Un vendeur qui réclame des règles pour son propre produit attire l'attention. C'est exactement ce qu'a fait OpenAI en septembre 2026, avec une note de politique publique soutenant que la fenêtre d'action sur l'IA avancée reste ouverte pour peu de temps. Le texte plaide pour des preuves de sûreté plus solides, des standards partagés, des évaluations robustes et une coopération internationale. On pourrait y voir un accès de lucidité industrielle.
Je propose une lecture moins flatteuse et plus utile. Réclamer sa régulation n'est pas un aveu de faiblesse, c'est une manière de prendre la plume avant les autres. Celui qui écrit la règle en fixe le seuil, le périmètre et le calendrier. Rien de scandaleux là-dedans. Toute organisation qui pèse défend ses intérêts par des moyens légaux. Le faire ouvertement vaut mieux que de le faire en coulisse. Le problème commence quand un dirigeant lit cette note comme un bulletin météo sur son propre risque.
Pourquoi un fournisseur réclame sa propre régulation
Parce que la règle qui arrive de toute façon vaut mieux écrite par soi que subie. Un acteur dominant qui appelle à la régulation ne demande pas qu'on le freine, il demande qu'on fixe le niveau du seuil au bon endroit. Cette mécanique est documentée depuis longtemps en économie publique sous le nom de capture réglementaire, théorisée par George Stigler en 1971, laquelle n'exige aucune malveillance pour fonctionner.
Trois avantages qu'obtient celui qui écrit la règle en premier
- Il fixe le seuil. Un cadre qui ne s'applique qu'aux laboratoires disposant de ressources considérables devient un coût fixe. Les acteurs installés l'absorbent, les entrants beaucoup moins.
- Il choisit le niveau. Un cadre national unique remplace une mosaïque de règles locales. La simplification est réelle pour l'industrie, la perte de diversité normative l'est aussi.
- Il fixe le tempo. Déclarer que la fenêtre se referme crée une urgence qui favorise celui qui a déjà son texte prêt, en raccourcissant le temps de délibération des autres.
Rien de tout cela ne rend la démarche illégitime. Les propositions portées par les laboratoires sur les évaluations de capacités, la remontée d'incidents et la cybersécurité sont sérieuses sur le fond.
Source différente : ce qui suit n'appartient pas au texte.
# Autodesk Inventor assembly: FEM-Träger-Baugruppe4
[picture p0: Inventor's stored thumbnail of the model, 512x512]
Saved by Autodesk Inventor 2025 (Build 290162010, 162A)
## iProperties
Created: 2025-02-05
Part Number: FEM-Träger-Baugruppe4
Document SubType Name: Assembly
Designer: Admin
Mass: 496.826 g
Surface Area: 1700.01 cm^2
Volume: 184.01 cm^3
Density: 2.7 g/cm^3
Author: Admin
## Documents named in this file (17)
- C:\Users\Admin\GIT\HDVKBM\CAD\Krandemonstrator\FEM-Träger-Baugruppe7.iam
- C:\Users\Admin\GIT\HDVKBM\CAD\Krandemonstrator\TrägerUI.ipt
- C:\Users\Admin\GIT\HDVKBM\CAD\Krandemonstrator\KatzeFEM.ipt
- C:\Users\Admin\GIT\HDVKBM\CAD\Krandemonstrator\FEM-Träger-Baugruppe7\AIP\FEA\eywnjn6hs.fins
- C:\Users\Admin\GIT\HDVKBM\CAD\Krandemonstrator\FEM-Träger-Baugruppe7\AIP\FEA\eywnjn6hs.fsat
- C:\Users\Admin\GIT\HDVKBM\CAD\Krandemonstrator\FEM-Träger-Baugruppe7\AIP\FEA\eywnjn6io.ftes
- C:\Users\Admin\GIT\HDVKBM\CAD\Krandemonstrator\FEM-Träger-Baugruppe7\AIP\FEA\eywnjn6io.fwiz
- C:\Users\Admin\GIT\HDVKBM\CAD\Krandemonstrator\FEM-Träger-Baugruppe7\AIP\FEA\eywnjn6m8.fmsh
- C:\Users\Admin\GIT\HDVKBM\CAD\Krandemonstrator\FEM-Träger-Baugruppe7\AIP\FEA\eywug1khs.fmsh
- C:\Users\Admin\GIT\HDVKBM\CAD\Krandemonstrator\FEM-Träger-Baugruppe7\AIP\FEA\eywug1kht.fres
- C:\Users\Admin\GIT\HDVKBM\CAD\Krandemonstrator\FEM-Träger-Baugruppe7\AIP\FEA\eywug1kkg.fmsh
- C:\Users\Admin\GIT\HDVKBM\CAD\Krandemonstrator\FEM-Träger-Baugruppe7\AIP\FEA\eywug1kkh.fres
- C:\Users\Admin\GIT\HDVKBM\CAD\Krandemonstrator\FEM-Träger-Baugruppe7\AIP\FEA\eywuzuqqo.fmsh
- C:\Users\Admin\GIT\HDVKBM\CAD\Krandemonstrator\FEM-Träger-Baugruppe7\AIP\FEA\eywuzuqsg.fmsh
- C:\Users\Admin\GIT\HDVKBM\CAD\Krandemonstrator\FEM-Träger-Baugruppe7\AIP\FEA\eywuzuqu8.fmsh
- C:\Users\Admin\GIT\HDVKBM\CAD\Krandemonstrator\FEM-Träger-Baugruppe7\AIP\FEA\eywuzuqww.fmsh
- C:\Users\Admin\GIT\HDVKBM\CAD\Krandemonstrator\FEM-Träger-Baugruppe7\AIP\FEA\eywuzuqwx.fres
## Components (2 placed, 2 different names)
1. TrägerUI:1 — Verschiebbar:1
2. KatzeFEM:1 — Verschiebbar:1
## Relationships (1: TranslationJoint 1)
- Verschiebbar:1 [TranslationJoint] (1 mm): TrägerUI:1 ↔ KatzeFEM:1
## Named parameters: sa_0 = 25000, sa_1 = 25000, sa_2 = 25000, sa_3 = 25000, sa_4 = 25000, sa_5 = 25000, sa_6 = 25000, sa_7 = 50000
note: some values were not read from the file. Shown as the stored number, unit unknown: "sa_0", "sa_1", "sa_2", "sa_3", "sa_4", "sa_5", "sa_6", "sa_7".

Elles méritent d'être discutées pour ce qu'elles valent, sans procès d'intention et sans naïveté non plus.
Celui qui vend la technologie et qui rédige sa régulation occupe les deux sièges de la table. Ce n'est pas une accusation, c'est une donnée de départ pour lire ce qu'il écrit.
Quel périmètre cette demande dessine-t-elle ?
Elle dessine un périmètre étroit, centré sur les modèles les plus capables et sur les laboratoires qui les entraînent. Les développeurs modestes, les chercheurs et les entreprises utilisatrices restent volontairement en dehors. C'est cohérent avec la logique de sûreté défendue. C'est aussi ce qui explique pourquoi ce débat ne dit rien de votre exposition.
Ce que la loi américaine a déjà retenu comme seuil
La Californie a promulgué le 29 septembre 2025 le Transparency in Frontier Artificial Intelligence Act, entré en application le 1er janvier 2026. Le texte cible les développeurs de modèles entraînés au-delà d'un seuil de calcul, impose la publication d'un cadre de sûreté, la déclaration des incidents critiques et protège les lanceurs d'alerte. Il ne crée aucune obligation pour l'entreprise qui se contente d'utiliser ces modèles.
Au niveau fédéral, le décret Ensuring a National Policy Framework for Artificial Intelligence, signé le 11 décembre 2025 et publié au Federal Register le 16 décembre 2025, pousse dans le sens inverse de la fragmentation en cherchant à écarter les lois d'État jugées incompatibles avec la politique fédérale. Demander un cadre fédéral revient donc à demander autre chose qu'un simple relèvement du niveau de sûreté. Cela revient à demander un guichet unique.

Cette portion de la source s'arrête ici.